• **TASK REQUIREMENTS**:
Set down exactly the lines in the records below that run from the line with "#13636 = PLANE" to the line with "#16767 = CARTESIAN_POINT", inclusive, and nothing more.

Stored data
========

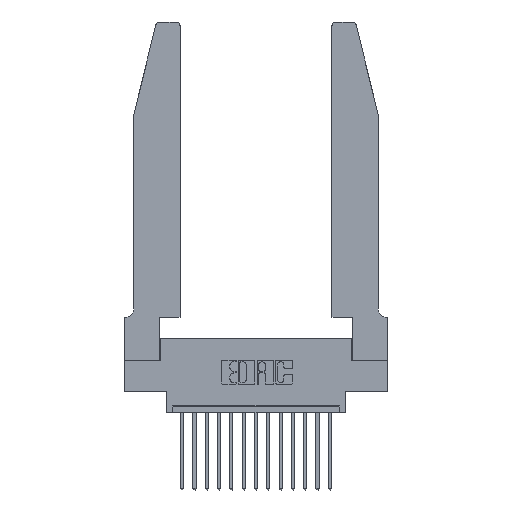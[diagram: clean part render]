
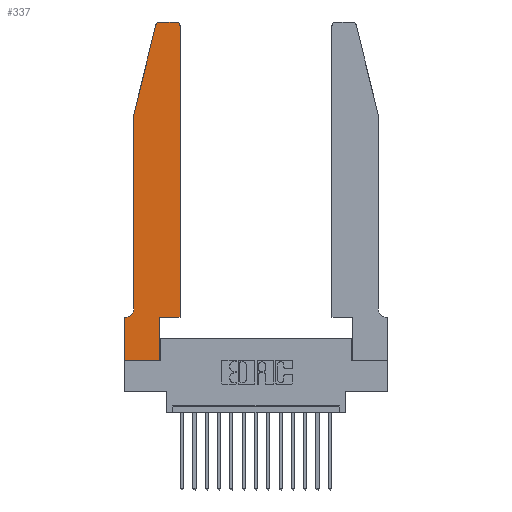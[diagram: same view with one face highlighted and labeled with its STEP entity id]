
A CAD part, top view. The second image highlights one B-rep face of the part: STEP entity #337.
In plain terms, the highlighted planar face has unit normal (0, 0, 1).
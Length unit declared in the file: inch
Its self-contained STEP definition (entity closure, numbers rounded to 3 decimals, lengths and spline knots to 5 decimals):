
#79 = DIRECTION ( 'NONE',  ( -1., 0., 0. ) ) ;
#208 = CARTESIAN_POINT ( 'NONE',  ( 0.2605, 2.75, 0.37 ) ) ;
#337 = ADVANCED_FACE ( 'NONE', ( #7506 ), #13636, .T. ) ;
#688 = CARTESIAN_POINT ( 'NONE',  ( 0.0755, 2., 0.37 ) ) ;
#853 = DIRECTION ( 'NONE',  ( 1., 0., 0. ) ) ;
#1028 = VERTEX_POINT ( 'NONE', #4539 ) ;
#1416 = LINE ( 'NONE', #8061, #12416 ) ;
#2205 = VECTOR ( 'NONE', #8676, 39.37008 ) ;
#2355 = VERTEX_POINT ( 'NONE', #15347 ) ;
#2431 = CIRCLE ( 'NONE', #18123, 0.03 ) ;
#2514 = ORIENTED_EDGE ( 'NONE', *, *, #16900, .T. ) ;
#2862 = VERTEX_POINT ( 'NONE', #15883 ) ;
#3105 = DIRECTION ( 'NONE',  ( 1., 0., 0. ) ) ;
#3220 = DIRECTION ( 'NONE',  ( 1., 0., 0. ) ) ;
#3275 = EDGE_LOOP ( 'NONE', ( #14840, #11677, #5353, #2514, #17677, #6969, #4607, #13292, #12855, #6012, #5278, #12899 ) ) ;
#3391 = CARTESIAN_POINT ( 'NONE',  ( 0., 0., 0.37 ) ) ;
#3401 = DIRECTION ( 'NONE',  ( 0., 1., 0. ) ) ;
#3635 = CARTESIAN_POINT ( 'NONE',  ( 0.4205, 2.72, 0.37 ) ) ;
#3996 = VECTOR ( 'NONE', #79, 39.37008 ) ;
#4057 = LINE ( 'NONE', #6527, #6505 ) ;
#4083 = VECTOR ( 'NONE', #3401, 39.37008 ) ;
#4191 = CARTESIAN_POINT ( 'NONE',  ( 0.0755, 0.42, 0.37 ) ) ;
#4349 = EDGE_CURVE ( 'NONE', #11443, #17301, #9056, .T. ) ;
#4381 = VERTEX_POINT ( 'NONE', #688 ) ;
#4474 = VERTEX_POINT ( 'NONE', #13722 ) ;
#4539 = CARTESIAN_POINT ( 'NONE',  ( 0.284, 2.75, 0.37 ) ) ;
#4607 = ORIENTED_EDGE ( 'NONE', *, *, #6400, .T. ) ;
#5106 = DIRECTION ( 'NONE',  ( 0., 1., 0. ) ) ;
#5153 = CARTESIAN_POINT ( 'NONE',  ( 0., 0.35, 0.37 ) ) ;
#5199 = DIRECTION ( 'NONE',  ( 1., 0., 0. ) ) ;
#5278 = ORIENTED_EDGE ( 'NONE', *, *, #11276, .T. ) ;
#5353 = ORIENTED_EDGE ( 'NONE', *, *, #8972, .T. ) ;
#5357 = CARTESIAN_POINT ( 'NONE',  ( 0.0055, 0.35, 0.37 ) ) ;
#6012 = ORIENTED_EDGE ( 'NONE', *, *, #16632, .T. ) ;
#6145 = VECTOR ( 'NONE', #5106, 39.37008 ) ;
#6328 = AXIS2_PLACEMENT_3D ( 'NONE', #9279, #12264, #12209 ) ;
#6381 = DIRECTION ( 'NONE',  ( -1., 0., 0. ) ) ;
#6400 = EDGE_CURVE ( 'NONE', #9644, #2355, #9851, .T. ) ;
#6505 = VECTOR ( 'NONE', #5199, 39.37008 ) ;
#6527 = CARTESIAN_POINT ( 'NONE',  ( 0.4505, 0.35, 0.37 ) ) ;
#6969 = ORIENTED_EDGE ( 'NONE', *, *, #13978, .T. ) ;
#7050 = DIRECTION ( 'NONE',  ( 0., 0., 1. ) ) ;
#7076 = VERTEX_POINT ( 'NONE', #16909 ) ;
#7444 = CIRCLE ( 'NONE', #6328, 0.07 ) ;
#7506 = FACE_OUTER_BOUND ( 'NONE', #3275, .T. ) ;
#7557 = CIRCLE ( 'NONE', #8092, 0.03 ) ;
#8009 = CARTESIAN_POINT ( 'NONE',  ( 0.284, 2.72, 0.37 ) ) ;
#8039 = EDGE_CURVE ( 'NONE', #17333, #7076, #7557, .T. ) ;
#8061 = CARTESIAN_POINT ( 'NONE',  ( 0.0755, 2., 0.37 ) ) ;
#8092 = AXIS2_PLACEMENT_3D ( 'NONE', #3635, #15091, #10794 ) ;
#8258 = AXIS2_PLACEMENT_3D ( 'NONE', #10815, #7050, #3220 ) ;
#8676 = DIRECTION ( 'NONE',  ( 0., -1., 0. ) ) ;
#8720 = CARTESIAN_POINT ( 'NONE',  ( 0.0755, 0.35, 0.37 ) ) ;
#8844 = CARTESIAN_POINT ( 'NONE',  ( 0., 0., 0.37 ) ) ;
#8972 = EDGE_CURVE ( 'NONE', #2862, #4381, #1416, .T. ) ;
#9056 = LINE ( 'NONE', #16421, #4083 ) ;
#9231 = LINE ( 'NONE', #15938, #2205 ) ;
#9279 = CARTESIAN_POINT ( 'NONE',  ( 0.0055, 0.42, 0.37 ) ) ;
#9474 = DIRECTION ( 'NONE',  ( 0., 0., 1. ) ) ;
#9644 = VERTEX_POINT ( 'NONE', #5153 ) ;
#9851 = LINE ( 'NONE', #3391, #14978 ) ;
#9920 = VECTOR ( 'NONE', #3105, 39.37008 ) ;
#10636 = CARTESIAN_POINT ( 'NONE',  ( 0.4505, 0.35, 0.37 ) ) ;
#10794 = DIRECTION ( 'NONE',  ( 1., 0., 0. ) ) ;
#10815 = CARTESIAN_POINT ( 'NONE',  ( 0., 0.35, 0.37 ) ) ;
#10932 = VERTEX_POINT ( 'NONE', #4191 ) ;
#11276 = EDGE_CURVE ( 'NONE', #4474, #17333, #13314, .T. ) ;
#11443 = VERTEX_POINT ( 'NONE', #12162 ) ;
#11677 = ORIENTED_EDGE ( 'NONE', *, *, #13505, .T. ) ;
#12162 = CARTESIAN_POINT ( 'NONE',  ( 0.2865, 0., 0.37 ) ) ;
#12209 = DIRECTION ( 'NONE',  ( -1., 0., 0. ) ) ;
#12264 = DIRECTION ( 'NONE',  ( 0., 0., -1. ) ) ;
#12416 = VECTOR ( 'NONE', #18366, 39.37008 ) ;
#12461 = EDGE_CURVE ( 'NONE', #2355, #11443, #16626, .T. ) ;
#12610 = EDGE_CURVE ( 'NONE', #10932, #14336, #7444, .T. ) ;
#12855 = ORIENTED_EDGE ( 'NONE', *, *, #4349, .T. ) ;
#12899 = ORIENTED_EDGE ( 'NONE', *, *, #8039, .T. ) ;
#13292 = ORIENTED_EDGE ( 'NONE', *, *, #12461, .T. ) ;
#13314 = LINE ( 'NONE', #10636, #6145 ) ;
#13414 = DIRECTION ( 'NONE',  ( 0., -1., 0. ) ) ;
#13505 = EDGE_CURVE ( 'NONE', #1028, #2862, #2431, .T. ) ;
#13636 = PLANE ( 'NONE',  #8258 ) ;
#13722 = CARTESIAN_POINT ( 'NONE',  ( 0.4505, 0.35, 0.37 ) ) ;
#13978 = EDGE_CURVE ( 'NONE', #14336, #9644, #14338, .T. ) ;
#14132 = CARTESIAN_POINT ( 'NONE',  ( 0.4505, 2.72, 0.37 ) ) ;
#14336 = VERTEX_POINT ( 'NONE', #5357 ) ;
#14338 = LINE ( 'NONE', #8720, #17047 ) ;
#14543 = LINE ( 'NONE', #208, #3996 ) ;
#14840 = ORIENTED_EDGE ( 'NONE', *, *, #18117, .T. ) ;
#14978 = VECTOR ( 'NONE', #13414, 39.37008 ) ;
#15091 = DIRECTION ( 'NONE',  ( 0., 0., 1. ) ) ;
#15347 = CARTESIAN_POINT ( 'NONE',  ( 0., 0., 0.37 ) ) ;
#15883 = CARTESIAN_POINT ( 'NONE',  ( 0.25487, 2.72718, 0.37 ) ) ;
#15938 = CARTESIAN_POINT ( 'NONE',  ( 0.0755, 2., 0.37 ) ) ;
#16421 = CARTESIAN_POINT ( 'NONE',  ( 0.2865, 0.35, 0.37 ) ) ;
#16626 = LINE ( 'NONE', #8844, #9920 ) ;
#16632 = EDGE_CURVE ( 'NONE', #17301, #4474, #4057, .T. ) ;
#16767 = CARTESIAN_POINT ( 'NONE',  ( 0.2865, 0.35, 0.37 ) ) ;
#16900 = EDGE_CURVE ( 'NONE', #4381, #10932, #9231, .T. ) ;
#16909 = CARTESIAN_POINT ( 'NONE',  ( 0.4205, 2.75, 0.37 ) ) ;
#17047 = VECTOR ( 'NONE', #6381, 39.37008 ) ;
#17301 = VERTEX_POINT ( 'NONE', #16767 ) ;
#17333 = VERTEX_POINT ( 'NONE', #14132 ) ;
#17677 = ORIENTED_EDGE ( 'NONE', *, *, #12610, .T. ) ;
#18117 = EDGE_CURVE ( 'NONE', #7076, #1028, #14543, .T. ) ;
#18123 = AXIS2_PLACEMENT_3D ( 'NONE', #8009, #9474, #853 ) ;
#18366 = DIRECTION ( 'NONE',  ( -0.239, -0.971, 0. ) ) ;

========

• **SOLUTION FOR THIS PROBLEM**:
#13636 = PLANE ( 'NONE',  #8258 ) ;
#13722 = CARTESIAN_POINT ( 'NONE',  ( 0.4505, 0.35, 0.37 ) ) ;
#13978 = EDGE_CURVE ( 'NONE', #14336, #9644, #14338, .T. ) ;
#14132 = CARTESIAN_POINT ( 'NONE',  ( 0.4505, 2.72, 0.37 ) ) ;
#14336 = VERTEX_POINT ( 'NONE', #5357 ) ;
#14338 = LINE ( 'NONE', #8720, #17047 ) ;
#14543 = LINE ( 'NONE', #208, #3996 ) ;
#14840 = ORIENTED_EDGE ( 'NONE', *, *, #18117, .T. ) ;
#14978 = VECTOR ( 'NONE', #13414, 39.37008 ) ;
#15091 = DIRECTION ( 'NONE',  ( 0., 0., 1. ) ) ;
#15347 = CARTESIAN_POINT ( 'NONE',  ( 0., 0., 0.37 ) ) ;
#15883 = CARTESIAN_POINT ( 'NONE',  ( 0.25487, 2.72718, 0.37 ) ) ;
#15938 = CARTESIAN_POINT ( 'NONE',  ( 0.0755, 2., 0.37 ) ) ;
#16421 = CARTESIAN_POINT ( 'NONE',  ( 0.2865, 0.35, 0.37 ) ) ;
#16626 = LINE ( 'NONE', #8844, #9920 ) ;
#16632 = EDGE_CURVE ( 'NONE', #17301, #4474, #4057, .T. ) ;
#16767 = CARTESIAN_POINT ( 'NONE',  ( 0.2865, 0.35, 0.37 ) ) ;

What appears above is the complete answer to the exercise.